Medical Director, Drug Safety
Posted 1/9/2019 11:54:15 AM
Job Function: Engineering/Technology
Business Segment: Healthcare Life Sciences
Location(s): United States; Massachusetts; Marlborough
The Drug Safety Medical Director works within Drug Safety & Risk Management group. Individual will perform proactive Safety Surveillance and Risk Management with focus on signal detection and evaluation, risk assessment and safety risk minimization. In addition, s/he will be responsible for providing drug safety and pharmacovigilance support for clinical trials and observational post-marketing studies.
Leads safety signal detection activities. Makes data-driven decisions and writes safety review documents and reports. Determines resolution of signals. Evaluates and make recommendations on actions arising from signals in collaboration with the Safety Review Team.
Be the content owner for all safety relevant content or safety relevant documents during clinical development (e.g. DSUR, Development RMP, Safety Management Plans) and post approval (e.g. PSUR, RMPs, medical expert statements).
Responsible for development and maintenance of Company Core Safety Information (CCSI). Presentation of safety related changes and justifications to Global Labeling Committee.
Responsible for overseeing pharmacovigilance activities related to clinical trials and post-marketing safety studies. Provide input to adverse effect related sections of Study Protocols.
Leads and provides medical input to responses to safety questions from regulatory authorities. Prepare medically sound statements within agreed time frames and with a high standard of accuracy.
Prepares and contributes to written safety assessments and benefit-risk evaluations.
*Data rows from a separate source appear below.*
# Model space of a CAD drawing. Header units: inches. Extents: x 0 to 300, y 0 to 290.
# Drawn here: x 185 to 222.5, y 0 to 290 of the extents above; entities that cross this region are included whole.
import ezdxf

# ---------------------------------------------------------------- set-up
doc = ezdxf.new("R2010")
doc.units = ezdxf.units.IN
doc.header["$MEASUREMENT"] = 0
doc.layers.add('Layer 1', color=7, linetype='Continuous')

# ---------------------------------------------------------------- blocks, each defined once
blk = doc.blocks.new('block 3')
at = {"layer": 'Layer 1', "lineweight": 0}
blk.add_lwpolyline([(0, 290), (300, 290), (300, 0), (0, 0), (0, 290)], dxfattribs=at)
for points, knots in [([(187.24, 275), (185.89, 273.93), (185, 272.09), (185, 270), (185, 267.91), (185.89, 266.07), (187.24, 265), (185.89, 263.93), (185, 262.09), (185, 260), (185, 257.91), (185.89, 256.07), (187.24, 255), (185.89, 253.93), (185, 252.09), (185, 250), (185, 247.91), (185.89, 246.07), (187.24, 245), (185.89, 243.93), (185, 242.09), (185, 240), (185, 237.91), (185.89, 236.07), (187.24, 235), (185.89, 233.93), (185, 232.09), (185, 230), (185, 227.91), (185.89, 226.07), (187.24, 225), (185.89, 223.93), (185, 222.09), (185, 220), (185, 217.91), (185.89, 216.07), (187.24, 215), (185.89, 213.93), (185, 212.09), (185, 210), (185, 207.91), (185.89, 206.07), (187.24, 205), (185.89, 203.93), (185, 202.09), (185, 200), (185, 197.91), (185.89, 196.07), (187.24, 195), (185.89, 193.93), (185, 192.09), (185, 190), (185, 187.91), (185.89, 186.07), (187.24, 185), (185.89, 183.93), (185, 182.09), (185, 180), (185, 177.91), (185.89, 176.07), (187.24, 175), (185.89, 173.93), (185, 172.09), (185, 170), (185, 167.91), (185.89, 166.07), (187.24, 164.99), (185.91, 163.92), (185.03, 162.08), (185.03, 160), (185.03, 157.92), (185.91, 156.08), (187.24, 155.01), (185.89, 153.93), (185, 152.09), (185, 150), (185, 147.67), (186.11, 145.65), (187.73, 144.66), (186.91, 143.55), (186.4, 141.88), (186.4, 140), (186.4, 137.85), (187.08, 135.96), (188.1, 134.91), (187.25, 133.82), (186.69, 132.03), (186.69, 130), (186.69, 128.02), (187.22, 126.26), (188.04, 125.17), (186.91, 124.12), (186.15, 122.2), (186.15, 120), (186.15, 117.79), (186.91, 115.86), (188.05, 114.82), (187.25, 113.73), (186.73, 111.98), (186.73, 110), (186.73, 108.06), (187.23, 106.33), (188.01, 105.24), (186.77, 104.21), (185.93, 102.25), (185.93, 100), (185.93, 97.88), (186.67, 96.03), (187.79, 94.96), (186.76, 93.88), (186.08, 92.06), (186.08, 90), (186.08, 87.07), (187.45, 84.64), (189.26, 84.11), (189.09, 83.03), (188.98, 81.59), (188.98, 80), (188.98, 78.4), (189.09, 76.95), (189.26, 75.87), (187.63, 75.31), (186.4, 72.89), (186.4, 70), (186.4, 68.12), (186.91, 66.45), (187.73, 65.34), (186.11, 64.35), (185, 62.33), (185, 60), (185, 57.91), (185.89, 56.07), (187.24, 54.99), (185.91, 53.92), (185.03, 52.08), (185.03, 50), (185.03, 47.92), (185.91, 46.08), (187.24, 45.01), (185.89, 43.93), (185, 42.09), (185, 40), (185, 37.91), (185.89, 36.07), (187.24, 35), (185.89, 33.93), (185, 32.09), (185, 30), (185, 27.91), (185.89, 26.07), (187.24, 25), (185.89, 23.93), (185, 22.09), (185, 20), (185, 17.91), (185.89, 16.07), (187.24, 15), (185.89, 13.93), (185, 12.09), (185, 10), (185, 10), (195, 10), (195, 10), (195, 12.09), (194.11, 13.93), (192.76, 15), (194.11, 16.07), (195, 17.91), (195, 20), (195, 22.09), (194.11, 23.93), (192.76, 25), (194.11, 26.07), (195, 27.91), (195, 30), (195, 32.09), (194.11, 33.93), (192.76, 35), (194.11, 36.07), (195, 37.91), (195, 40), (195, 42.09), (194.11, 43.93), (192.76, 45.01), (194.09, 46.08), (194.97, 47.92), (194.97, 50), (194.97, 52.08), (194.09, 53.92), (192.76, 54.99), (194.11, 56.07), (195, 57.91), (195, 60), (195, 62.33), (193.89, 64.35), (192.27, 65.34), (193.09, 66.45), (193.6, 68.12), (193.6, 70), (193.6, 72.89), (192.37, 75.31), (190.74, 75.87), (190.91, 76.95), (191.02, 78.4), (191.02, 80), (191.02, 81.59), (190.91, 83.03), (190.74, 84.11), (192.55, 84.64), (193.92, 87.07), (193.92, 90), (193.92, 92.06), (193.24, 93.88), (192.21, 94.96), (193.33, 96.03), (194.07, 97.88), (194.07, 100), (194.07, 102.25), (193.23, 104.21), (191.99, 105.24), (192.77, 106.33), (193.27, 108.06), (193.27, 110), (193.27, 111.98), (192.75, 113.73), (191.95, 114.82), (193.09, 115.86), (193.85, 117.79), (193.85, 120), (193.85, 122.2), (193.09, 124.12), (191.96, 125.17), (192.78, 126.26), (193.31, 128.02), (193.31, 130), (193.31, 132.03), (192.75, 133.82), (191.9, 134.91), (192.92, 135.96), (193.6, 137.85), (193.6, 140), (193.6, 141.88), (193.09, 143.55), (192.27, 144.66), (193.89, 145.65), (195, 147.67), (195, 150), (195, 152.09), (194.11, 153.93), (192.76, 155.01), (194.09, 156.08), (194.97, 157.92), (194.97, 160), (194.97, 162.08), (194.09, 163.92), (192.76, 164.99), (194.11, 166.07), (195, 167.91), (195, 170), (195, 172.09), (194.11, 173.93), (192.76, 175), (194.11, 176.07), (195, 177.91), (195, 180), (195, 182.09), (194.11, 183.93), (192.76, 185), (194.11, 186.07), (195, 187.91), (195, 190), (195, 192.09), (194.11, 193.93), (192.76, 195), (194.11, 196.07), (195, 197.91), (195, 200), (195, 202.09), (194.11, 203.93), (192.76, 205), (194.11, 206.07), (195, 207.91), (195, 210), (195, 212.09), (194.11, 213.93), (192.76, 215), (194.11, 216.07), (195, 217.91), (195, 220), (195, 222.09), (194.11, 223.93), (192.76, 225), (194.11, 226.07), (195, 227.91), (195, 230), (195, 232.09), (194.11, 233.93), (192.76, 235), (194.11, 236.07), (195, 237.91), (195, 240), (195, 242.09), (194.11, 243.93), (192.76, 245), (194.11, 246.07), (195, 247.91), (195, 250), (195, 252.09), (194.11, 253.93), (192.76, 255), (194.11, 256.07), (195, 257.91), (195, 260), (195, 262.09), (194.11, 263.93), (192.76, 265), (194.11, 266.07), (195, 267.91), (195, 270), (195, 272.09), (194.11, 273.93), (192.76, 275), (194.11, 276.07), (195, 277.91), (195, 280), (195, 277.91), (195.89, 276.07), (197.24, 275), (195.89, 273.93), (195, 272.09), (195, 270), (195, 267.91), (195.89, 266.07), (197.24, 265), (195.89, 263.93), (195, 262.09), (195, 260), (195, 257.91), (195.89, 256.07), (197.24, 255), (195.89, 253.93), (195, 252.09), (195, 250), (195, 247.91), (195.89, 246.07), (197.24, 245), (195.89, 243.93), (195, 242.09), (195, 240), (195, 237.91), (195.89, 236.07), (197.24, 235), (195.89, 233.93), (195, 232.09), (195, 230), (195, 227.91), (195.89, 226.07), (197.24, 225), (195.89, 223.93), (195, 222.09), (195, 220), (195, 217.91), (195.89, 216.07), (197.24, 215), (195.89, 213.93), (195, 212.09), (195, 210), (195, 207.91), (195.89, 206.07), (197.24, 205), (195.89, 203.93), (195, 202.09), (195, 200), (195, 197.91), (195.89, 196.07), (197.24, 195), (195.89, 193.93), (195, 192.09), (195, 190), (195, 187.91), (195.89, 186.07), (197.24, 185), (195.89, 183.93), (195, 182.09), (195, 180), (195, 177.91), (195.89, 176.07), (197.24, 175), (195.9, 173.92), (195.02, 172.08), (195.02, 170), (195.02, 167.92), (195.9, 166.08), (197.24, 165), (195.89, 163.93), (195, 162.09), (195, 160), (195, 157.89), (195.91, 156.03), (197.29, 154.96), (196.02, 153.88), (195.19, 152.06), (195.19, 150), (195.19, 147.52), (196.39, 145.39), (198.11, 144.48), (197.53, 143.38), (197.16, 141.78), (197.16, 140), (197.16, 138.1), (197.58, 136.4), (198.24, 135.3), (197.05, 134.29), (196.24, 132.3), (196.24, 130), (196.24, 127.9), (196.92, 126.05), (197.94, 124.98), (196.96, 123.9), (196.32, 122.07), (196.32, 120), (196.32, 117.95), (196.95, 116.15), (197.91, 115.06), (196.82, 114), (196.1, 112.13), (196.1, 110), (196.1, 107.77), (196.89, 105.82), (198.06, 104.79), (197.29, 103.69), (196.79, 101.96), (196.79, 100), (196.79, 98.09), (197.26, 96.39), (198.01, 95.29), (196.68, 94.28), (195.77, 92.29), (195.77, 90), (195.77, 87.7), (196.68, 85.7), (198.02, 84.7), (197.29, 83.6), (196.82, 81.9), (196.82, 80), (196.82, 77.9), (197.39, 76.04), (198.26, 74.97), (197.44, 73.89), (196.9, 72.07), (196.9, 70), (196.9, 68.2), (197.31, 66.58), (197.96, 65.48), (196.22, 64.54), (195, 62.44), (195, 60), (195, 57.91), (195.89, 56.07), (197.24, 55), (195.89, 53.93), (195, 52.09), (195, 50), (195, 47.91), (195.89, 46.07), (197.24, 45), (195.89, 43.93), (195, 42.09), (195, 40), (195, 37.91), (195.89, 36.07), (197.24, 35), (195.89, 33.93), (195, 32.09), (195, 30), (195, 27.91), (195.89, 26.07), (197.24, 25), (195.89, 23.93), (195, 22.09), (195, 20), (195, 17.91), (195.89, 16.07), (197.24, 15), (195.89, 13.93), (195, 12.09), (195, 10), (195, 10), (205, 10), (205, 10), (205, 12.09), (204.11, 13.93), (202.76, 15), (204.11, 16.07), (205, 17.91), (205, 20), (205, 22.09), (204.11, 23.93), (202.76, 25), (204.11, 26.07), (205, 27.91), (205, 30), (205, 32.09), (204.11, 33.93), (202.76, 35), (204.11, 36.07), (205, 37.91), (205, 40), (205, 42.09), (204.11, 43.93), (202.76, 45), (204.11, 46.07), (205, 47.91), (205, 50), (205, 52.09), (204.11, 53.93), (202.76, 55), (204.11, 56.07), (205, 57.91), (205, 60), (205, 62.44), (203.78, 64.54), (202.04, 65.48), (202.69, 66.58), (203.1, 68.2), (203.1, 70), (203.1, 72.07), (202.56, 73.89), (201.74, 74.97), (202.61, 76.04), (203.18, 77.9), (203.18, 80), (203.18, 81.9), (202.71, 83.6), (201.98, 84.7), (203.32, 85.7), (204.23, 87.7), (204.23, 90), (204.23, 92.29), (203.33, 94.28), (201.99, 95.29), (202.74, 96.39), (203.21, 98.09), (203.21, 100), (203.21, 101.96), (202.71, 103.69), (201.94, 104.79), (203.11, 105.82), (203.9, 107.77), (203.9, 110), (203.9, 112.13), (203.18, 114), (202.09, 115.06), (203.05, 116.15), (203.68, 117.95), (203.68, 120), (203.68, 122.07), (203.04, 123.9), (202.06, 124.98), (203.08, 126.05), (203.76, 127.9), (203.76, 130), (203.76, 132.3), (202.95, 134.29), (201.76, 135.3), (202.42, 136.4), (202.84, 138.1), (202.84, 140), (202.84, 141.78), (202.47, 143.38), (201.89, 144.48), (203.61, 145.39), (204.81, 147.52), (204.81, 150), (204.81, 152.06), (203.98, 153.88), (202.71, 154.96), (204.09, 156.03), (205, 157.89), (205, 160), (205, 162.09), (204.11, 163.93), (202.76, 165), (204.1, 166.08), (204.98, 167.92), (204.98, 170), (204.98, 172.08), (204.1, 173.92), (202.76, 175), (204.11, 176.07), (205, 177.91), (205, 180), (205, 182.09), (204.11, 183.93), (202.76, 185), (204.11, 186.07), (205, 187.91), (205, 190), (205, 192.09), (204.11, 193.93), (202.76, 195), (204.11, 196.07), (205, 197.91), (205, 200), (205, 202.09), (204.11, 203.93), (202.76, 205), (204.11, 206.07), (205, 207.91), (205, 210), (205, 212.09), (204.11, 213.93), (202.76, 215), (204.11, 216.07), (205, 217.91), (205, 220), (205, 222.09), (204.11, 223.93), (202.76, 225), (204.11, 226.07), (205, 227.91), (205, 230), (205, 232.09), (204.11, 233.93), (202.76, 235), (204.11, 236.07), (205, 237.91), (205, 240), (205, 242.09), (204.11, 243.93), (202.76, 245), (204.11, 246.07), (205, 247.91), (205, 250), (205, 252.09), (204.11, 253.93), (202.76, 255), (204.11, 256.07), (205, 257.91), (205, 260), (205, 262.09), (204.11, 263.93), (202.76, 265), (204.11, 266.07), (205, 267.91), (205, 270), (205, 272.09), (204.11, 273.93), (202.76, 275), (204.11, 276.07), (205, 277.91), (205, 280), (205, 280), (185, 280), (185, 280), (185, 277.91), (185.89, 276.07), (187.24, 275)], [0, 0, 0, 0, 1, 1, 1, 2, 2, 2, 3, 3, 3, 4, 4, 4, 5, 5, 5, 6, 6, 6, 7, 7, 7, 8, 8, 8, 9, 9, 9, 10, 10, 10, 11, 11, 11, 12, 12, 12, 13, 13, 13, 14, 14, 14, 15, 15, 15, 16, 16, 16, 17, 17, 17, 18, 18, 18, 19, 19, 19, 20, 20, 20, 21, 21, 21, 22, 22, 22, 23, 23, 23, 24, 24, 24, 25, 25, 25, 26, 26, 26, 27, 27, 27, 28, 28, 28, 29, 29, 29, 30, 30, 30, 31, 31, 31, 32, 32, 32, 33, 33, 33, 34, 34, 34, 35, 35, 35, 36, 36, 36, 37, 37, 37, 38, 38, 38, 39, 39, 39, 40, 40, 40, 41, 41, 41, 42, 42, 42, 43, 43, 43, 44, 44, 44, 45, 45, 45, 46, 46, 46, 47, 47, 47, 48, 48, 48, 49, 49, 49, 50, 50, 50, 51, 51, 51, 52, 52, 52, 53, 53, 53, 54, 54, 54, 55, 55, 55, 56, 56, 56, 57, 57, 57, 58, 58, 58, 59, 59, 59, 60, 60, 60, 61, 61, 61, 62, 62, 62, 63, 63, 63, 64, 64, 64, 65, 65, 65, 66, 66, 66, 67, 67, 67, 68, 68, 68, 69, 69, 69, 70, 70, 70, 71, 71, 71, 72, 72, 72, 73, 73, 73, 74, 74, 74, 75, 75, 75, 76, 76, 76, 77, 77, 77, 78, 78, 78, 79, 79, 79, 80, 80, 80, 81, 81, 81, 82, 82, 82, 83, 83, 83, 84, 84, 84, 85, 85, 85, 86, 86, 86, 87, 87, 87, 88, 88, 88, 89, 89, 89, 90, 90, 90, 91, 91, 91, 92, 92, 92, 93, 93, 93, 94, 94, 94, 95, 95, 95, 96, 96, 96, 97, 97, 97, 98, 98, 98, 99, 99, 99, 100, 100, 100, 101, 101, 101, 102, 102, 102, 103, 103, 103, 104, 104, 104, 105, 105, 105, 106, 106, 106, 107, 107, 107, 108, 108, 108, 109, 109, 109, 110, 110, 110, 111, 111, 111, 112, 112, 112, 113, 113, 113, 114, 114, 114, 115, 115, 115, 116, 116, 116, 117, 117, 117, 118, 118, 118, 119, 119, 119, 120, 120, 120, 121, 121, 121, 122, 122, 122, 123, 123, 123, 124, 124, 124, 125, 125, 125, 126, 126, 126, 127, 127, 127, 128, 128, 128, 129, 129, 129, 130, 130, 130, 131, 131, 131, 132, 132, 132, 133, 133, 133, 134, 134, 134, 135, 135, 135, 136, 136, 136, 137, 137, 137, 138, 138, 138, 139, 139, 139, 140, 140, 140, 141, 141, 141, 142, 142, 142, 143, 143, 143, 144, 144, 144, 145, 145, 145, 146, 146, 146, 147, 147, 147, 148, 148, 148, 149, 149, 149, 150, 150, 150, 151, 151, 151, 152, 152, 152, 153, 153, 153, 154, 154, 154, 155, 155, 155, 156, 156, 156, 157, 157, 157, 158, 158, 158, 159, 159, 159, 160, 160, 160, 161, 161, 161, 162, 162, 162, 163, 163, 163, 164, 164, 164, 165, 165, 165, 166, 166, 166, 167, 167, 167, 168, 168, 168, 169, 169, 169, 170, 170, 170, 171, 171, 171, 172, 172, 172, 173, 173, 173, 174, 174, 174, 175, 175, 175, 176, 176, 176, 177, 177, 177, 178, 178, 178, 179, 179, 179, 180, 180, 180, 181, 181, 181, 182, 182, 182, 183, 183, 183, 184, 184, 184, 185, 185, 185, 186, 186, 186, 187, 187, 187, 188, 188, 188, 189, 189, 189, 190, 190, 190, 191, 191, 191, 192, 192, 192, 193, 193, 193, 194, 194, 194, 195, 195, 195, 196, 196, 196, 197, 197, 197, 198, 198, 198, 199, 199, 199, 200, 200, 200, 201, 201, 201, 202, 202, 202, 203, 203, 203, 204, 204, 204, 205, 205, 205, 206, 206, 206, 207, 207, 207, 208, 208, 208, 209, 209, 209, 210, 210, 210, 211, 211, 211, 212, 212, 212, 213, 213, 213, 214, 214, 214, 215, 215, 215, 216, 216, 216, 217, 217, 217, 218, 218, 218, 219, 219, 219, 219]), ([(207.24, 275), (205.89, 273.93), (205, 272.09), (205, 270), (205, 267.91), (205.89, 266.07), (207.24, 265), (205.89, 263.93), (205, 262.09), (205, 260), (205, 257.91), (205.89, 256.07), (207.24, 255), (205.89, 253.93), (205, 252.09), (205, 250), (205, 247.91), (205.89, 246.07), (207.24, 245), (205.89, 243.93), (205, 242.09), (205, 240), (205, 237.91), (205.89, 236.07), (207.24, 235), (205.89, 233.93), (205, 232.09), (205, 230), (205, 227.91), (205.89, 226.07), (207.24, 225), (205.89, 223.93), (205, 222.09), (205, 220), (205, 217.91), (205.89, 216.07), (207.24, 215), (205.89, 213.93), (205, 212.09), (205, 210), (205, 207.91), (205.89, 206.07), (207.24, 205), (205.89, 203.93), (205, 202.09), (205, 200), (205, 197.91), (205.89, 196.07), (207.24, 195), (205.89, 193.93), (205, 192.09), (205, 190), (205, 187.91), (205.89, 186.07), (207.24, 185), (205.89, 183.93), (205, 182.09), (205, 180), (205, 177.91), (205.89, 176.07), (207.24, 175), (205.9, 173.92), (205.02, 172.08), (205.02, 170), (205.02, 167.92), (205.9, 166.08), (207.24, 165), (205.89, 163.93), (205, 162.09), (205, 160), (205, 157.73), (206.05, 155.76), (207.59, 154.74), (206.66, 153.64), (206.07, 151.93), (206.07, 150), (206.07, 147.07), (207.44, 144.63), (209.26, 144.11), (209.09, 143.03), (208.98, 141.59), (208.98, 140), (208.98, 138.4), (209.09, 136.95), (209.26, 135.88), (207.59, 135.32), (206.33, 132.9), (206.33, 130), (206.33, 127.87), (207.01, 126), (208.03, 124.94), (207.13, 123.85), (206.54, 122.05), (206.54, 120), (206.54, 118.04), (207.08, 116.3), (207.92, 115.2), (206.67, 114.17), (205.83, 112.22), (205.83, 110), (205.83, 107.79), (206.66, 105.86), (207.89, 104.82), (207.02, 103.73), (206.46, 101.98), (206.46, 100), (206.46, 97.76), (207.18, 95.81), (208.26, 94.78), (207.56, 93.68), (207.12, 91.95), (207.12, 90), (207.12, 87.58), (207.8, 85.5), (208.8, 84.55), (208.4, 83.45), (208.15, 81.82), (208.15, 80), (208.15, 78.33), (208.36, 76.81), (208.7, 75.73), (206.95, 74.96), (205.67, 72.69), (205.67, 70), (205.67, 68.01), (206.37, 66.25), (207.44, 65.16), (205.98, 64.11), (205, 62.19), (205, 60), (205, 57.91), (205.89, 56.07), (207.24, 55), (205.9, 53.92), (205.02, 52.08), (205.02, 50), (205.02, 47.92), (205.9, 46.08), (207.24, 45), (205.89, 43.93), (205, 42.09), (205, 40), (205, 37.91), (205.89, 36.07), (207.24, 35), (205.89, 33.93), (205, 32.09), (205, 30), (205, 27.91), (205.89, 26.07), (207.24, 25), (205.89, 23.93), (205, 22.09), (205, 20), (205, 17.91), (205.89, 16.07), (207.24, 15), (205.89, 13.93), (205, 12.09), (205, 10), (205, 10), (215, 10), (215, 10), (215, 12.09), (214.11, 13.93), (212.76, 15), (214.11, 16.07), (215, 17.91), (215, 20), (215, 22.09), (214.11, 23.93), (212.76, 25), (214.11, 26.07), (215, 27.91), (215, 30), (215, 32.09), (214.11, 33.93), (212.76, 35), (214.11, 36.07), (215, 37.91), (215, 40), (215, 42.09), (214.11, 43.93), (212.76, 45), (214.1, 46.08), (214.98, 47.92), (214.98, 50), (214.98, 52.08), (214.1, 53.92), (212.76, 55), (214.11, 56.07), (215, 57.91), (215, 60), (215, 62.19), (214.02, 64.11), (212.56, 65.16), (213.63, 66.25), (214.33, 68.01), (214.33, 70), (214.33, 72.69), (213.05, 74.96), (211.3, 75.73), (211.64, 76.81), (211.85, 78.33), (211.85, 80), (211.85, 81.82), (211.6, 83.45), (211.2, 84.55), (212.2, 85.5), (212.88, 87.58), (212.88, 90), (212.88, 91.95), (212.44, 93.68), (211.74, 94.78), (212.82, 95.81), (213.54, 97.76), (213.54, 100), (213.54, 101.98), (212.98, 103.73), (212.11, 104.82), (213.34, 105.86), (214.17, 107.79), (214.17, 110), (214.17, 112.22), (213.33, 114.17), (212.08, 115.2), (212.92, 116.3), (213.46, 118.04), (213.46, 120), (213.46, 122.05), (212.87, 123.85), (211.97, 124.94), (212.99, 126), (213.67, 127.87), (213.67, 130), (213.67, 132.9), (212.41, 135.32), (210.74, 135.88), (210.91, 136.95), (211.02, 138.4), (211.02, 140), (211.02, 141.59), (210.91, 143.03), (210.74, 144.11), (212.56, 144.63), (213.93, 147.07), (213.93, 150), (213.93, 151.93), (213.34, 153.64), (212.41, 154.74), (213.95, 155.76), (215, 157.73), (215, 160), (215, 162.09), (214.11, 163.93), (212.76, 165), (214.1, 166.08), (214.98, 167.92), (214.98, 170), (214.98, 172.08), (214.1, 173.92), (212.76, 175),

Serve as a back-up Medical Reviewer for Individual Case Safety Reports.
Serve as a Subject Matter Expert (SME) for Global Pharmacovigilance and cross-functional teams on relevant ICH/EU/US clinical and post-marketing safety regulations and guidelines; and product-specific information.
Other activities, special projects and assignments may be given as required. As a result, the percentage of time spent across roles for which the employee is responsible for or assisting with will vary depending on project assignments and the requirements within the department.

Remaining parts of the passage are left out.